Anda di halaman 1dari 2

Nama : HADI SUTRISNO

Kelas : SPKS A
NIM : 21483

Ringkasan Legalitas dan Perizinan Pembukaan Lahan

Sebagai produsen kelapa sawit terbesar dunia, Indonesia menjadi negara yang berada
dalam dilema, apakah harus mengejar keuntungan melalui mekanisme pasar internasional
ataukah mengikuti aturan dunia untuk mencegah kerusakan hutan. Di satu sisi, potensi
penerimaan negara dari kelapa sawit beserta tingkat penyerapan tenaga kerja dalam industri
sawit mampu meningkatkan kekayaan negara dan menyelesaikan persoalan tenaga kerja.
Di sisi lain, ada wilayah-wilayah eksistensial yang harus dikonservasi, yaitu hutan.
Indonesia bisa keluar dari jeratan permasalahan tersebut apabila mengorientasikan pola
penyelesaian yang basisnya adalah lahan sawit berkelanjutan. Pola ini tidak hanya menempatkan
aspek legalitas sebagai satu-satunya variabel yang diorientasikan, tetapi juga ada variabel lain,
seperti lingkungan, sosial, dan ekonomi.
Ide tentang sawit berkelanjutan telah digaungkan oleh pemerintah dengan menerbitkan
Peraturan Presiden Nomor 44 Tahun 2020 tentang Sistem Sertifikasi Perkebunan Kelapa Sawit
Berkelanjutan Indonesia/Indonesia Sustainable Palm Oil (ISPO).

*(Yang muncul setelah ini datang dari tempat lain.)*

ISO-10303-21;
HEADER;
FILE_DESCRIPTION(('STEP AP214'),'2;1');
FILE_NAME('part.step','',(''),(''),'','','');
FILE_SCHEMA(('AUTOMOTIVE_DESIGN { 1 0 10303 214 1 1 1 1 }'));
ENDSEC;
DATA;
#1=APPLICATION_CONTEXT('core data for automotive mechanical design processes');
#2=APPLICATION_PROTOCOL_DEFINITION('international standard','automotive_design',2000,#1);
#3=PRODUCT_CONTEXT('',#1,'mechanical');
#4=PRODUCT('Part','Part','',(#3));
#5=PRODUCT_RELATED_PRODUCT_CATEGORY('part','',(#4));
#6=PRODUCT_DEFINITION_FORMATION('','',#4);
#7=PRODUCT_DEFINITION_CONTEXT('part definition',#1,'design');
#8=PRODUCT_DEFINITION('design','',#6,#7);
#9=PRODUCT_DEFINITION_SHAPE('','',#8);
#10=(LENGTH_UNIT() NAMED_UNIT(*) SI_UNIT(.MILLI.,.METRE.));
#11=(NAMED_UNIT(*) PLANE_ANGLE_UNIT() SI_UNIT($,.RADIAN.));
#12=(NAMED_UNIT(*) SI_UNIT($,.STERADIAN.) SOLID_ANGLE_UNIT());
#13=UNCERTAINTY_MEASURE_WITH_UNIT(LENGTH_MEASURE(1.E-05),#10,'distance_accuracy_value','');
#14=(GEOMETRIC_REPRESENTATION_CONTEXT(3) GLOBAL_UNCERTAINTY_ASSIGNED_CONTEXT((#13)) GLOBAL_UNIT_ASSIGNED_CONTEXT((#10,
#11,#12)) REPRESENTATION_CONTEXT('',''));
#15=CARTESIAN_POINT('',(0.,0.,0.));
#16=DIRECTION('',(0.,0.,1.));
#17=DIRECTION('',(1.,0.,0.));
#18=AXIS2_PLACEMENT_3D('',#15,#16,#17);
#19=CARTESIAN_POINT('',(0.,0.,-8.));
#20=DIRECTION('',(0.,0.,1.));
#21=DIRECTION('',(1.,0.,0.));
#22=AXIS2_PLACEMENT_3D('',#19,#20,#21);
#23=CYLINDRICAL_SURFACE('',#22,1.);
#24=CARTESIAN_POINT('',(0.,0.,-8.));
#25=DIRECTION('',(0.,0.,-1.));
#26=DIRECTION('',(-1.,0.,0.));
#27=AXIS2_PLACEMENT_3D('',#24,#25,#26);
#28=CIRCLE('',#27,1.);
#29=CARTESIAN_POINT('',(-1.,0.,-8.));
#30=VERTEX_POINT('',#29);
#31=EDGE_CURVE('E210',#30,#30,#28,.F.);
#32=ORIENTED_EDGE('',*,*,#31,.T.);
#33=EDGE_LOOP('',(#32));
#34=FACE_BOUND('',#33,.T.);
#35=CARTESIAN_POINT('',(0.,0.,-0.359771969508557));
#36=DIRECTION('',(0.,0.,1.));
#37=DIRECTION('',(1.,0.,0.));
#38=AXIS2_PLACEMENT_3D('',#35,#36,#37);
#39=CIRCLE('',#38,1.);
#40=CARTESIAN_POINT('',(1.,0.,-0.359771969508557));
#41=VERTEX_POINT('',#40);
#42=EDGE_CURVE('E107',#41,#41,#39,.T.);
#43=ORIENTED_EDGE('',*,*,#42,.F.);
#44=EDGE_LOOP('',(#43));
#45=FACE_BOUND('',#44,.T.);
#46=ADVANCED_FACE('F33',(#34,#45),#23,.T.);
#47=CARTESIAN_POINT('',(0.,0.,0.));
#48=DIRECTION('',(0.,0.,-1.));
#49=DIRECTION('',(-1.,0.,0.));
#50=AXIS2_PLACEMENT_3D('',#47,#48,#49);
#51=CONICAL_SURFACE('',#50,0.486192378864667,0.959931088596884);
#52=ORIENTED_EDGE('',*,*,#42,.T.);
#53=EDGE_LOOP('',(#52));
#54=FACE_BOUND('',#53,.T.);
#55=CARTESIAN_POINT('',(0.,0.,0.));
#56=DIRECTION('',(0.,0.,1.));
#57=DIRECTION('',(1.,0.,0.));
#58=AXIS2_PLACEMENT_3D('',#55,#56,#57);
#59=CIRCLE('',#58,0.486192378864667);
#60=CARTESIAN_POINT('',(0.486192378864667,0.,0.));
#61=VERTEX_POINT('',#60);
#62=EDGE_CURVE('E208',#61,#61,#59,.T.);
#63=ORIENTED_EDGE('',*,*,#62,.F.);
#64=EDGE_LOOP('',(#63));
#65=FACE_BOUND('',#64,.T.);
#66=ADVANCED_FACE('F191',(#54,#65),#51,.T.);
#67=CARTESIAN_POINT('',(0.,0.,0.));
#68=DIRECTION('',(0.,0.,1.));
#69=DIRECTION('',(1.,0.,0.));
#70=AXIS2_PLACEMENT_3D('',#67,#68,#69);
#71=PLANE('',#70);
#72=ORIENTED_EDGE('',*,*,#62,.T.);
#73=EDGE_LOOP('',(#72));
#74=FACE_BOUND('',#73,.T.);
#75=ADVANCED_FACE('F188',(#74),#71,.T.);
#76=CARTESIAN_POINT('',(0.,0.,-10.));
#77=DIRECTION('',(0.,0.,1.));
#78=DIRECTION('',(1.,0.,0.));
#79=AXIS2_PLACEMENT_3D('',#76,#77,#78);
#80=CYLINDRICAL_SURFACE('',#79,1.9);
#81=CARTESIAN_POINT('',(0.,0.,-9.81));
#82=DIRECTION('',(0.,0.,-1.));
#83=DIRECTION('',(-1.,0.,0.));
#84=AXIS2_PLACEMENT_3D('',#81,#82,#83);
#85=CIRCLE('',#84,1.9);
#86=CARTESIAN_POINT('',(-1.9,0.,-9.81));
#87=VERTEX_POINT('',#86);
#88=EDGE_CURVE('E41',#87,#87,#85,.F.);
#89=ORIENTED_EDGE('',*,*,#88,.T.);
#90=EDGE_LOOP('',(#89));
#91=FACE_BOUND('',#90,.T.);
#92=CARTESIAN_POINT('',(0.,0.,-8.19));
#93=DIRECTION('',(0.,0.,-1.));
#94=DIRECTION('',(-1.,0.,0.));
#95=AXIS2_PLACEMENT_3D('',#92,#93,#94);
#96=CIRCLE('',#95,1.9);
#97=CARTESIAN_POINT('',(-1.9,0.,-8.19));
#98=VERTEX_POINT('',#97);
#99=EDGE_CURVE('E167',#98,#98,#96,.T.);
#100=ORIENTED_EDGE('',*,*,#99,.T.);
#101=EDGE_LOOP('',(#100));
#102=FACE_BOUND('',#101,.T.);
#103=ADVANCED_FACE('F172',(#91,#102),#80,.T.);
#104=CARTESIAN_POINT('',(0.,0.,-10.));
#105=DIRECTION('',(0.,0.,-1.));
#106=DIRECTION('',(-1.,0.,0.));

Perpres ini merupakan
perubahan kedua setelah Menteri Pertanian menerbitkan Peraturan Menteri Pertanian Nomor 19
Tahun 2011 dan diubah kembali melalui Peraturan Menteri Pertanian Nomor 11 Tahun 2015.
ISPO menjadi program yang rasio legisnya bercermin dari ISO 9001 (Standar Sistem
Manajemen Mutu) dan ISO 14001 (Sistem Manajemen Lingkungan). Secara umum, konsep
keberlanjutan yang diadopsi ISPO merupakan pengembangan dari 3-P (Profit, People, Planet)
dengan menambahkan 1-P, yaitu kebijakan (Politic).
Integrasi antara keuntungan, masyarakat, lingkungan, dan kebijakan mengisyaratkan
perlunya kinerja yang sinergis antara pelaku usaha dengan pemerintah. Posisi pemerintah dalam
kinerja dua pihak ini terletak pada penyediaan hak berupa legalitas lahan. Legalitas lahan menjadi
dasar beroperasi ISPO.
Proses penyelesaiannya tidak dapat dipukul rata, sebab terdapat perbedaan latar belakang
pembukaan lahan dalam kawasan hutan yang dimiliki oleh perusahaan dan petani swadaya.
Ekspansi lahan yang dilakukan masyarakat umumnya bukan didorong
oleh keinginan akumulasi kapital, tetapi oleh dorongan bertahan hidup. Ditambah lagi dengan
posisi geografis wilayah tinggal masyarakat yang tinggal di dalam atau di sekitar hutan. Di
samping dorongan bertahan hidup, penanaman sawit dalam kawasan hutan yang dilakukan
masyarakat pun umumnya dilegitimasi oleh hukum adat dan wasiat yang dilakukan secara turun
temurun. Sehingga diperlukan mekanisme penyelesaian yang disesuaikan dengan penyebab
merambahnya lahan sawit dalam kawasan hutan.
Pendekatan yang dilakukan untuk menyelesaikan masalah ini tidak cukup hanya
mengedepankan pola struktural yang berbasis pada instrumen hukum, tetapi juga pada pola
kultural. Pola kultural dilakukan dengan memberikan pengakuan kepada lahan sawit rakyat yang
terletak dalam kawasan hutan. Pengakuan ini menjadi langkah yang wajar dilakukan mengingat
latar belakang penguasaan lahan yang berbasis pada legitimasi adat. Paradigma yang perlu
ditanamkan adalah, legalitas atau perizinan bukanlah anak kekuasaan, tetapi menjadi bagian dari
pelayanan, dan pelayanan merupakan kewajiban pemerintah atas pemenuhan hak asasi manusia.
Konstitusi telah mengamanahkan pemerintah untuk hadir, tidak peduli bagaimanapun peliknya
sebuah persoalan. Pembiaran terhadap permasalahan sama halnya dengan memicu mafia dan
kegaduhan lainnya yang disebabkan adanya ketidakpastian hukum. Langkah ini menjadi peluang
pemerintah untuk memenuhi salah satu prinsip 4-P yang secara langsung membuat lahan sawit
Indonesia, terutama lahan sawit rakyat menjadi lahan sawit yang berkelanjutan.